1. A flow sensor comprising:

a signal processing part that processes signals from a heating resistor and a temperature compensating resistor,

wherein:

the flow sensor detects a flow rate of fluid by using heat radiation of the heating resistor,

the heating resistor and the temperature compensating resistor are chip resistors disposed on an insulating substrate;

the temperature compensating resistor is disposed on a heat radiation path of the heating resistor via the insulating substrate; and

opportunities of contact between the temperature compensating resistor and the fluid are reduced than opportunities of contact between the heating resistor and the fluid.

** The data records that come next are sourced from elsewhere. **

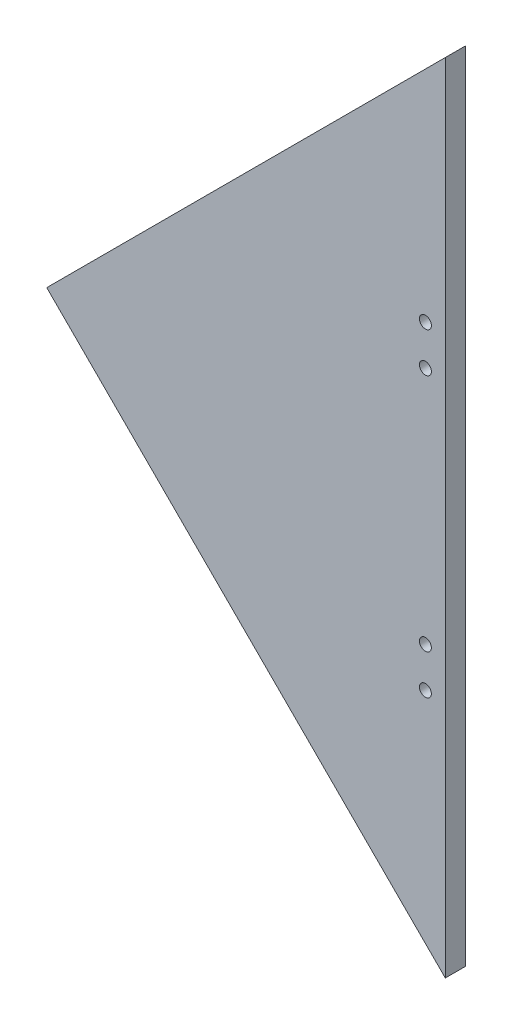
SolidWorks part; units mm, degrees
ref_plane "Front Plane" through (0, 0, 0) normal (0, 0, 1) x (1, 0, 0)
ref_plane "Top Plane" through (0, 0, 0) normal (0, 1, 0) x (1, 0, 0)
ref_plane "Right Plane" through (0, 0, 0) normal (1, 0, 0) x (0, 0, -1)
sketch "Sketch2" plane through (0, 0, 0) normal (0, 0, 1) x (1, 0, 0)
  line L0 (0, -100) -> (0, 100)
  line L1 (0, 100) -> (-100, 0)
  line L2 (-100, 0) -> (0, -100)
  line L3 (-5, 95) -> (-5, -95) construction
  line L4 (0, 0) -> (-100, 0) construction
  circle A0 centre (-5, 40) radius 1.5
  circle A1 centre (-5, 30) radius 1.5
  circle A2 centre (-5, -30) radius 1.5
  circle A3 centre (-5, -40) radius 1.5
  dimension "D3" = 3
  dimension "D1" = 200
  dimension "D2" = 100
  dimension "D4" = 30
  dimension "D5" = 10
  dimension "D6" = 5
extrude "Boss-Extrude1" add sketch "Sketch2" along normal blind 5

2. The flow sensor according to claim 1,

wherein the temperature compensating resistor is disposed on one surface of the insulating substrate, the one surface being reverse to a surface on which the heating resistor is disposed.

3. The flow sensor according to claim 2,

further comprising a holding member that holds the insulating substrate,

wherein:

the holding member includes a recess part; and

the insulating substrate is fitted into the recess part so that the one surface of the insulating substrate on which the temperature compensating resistor is disposed faces the recess part.

4. The flow sensor according to claim 1,

comprising a heat insulator that covers the whole or a part of the temperature compensating resistor.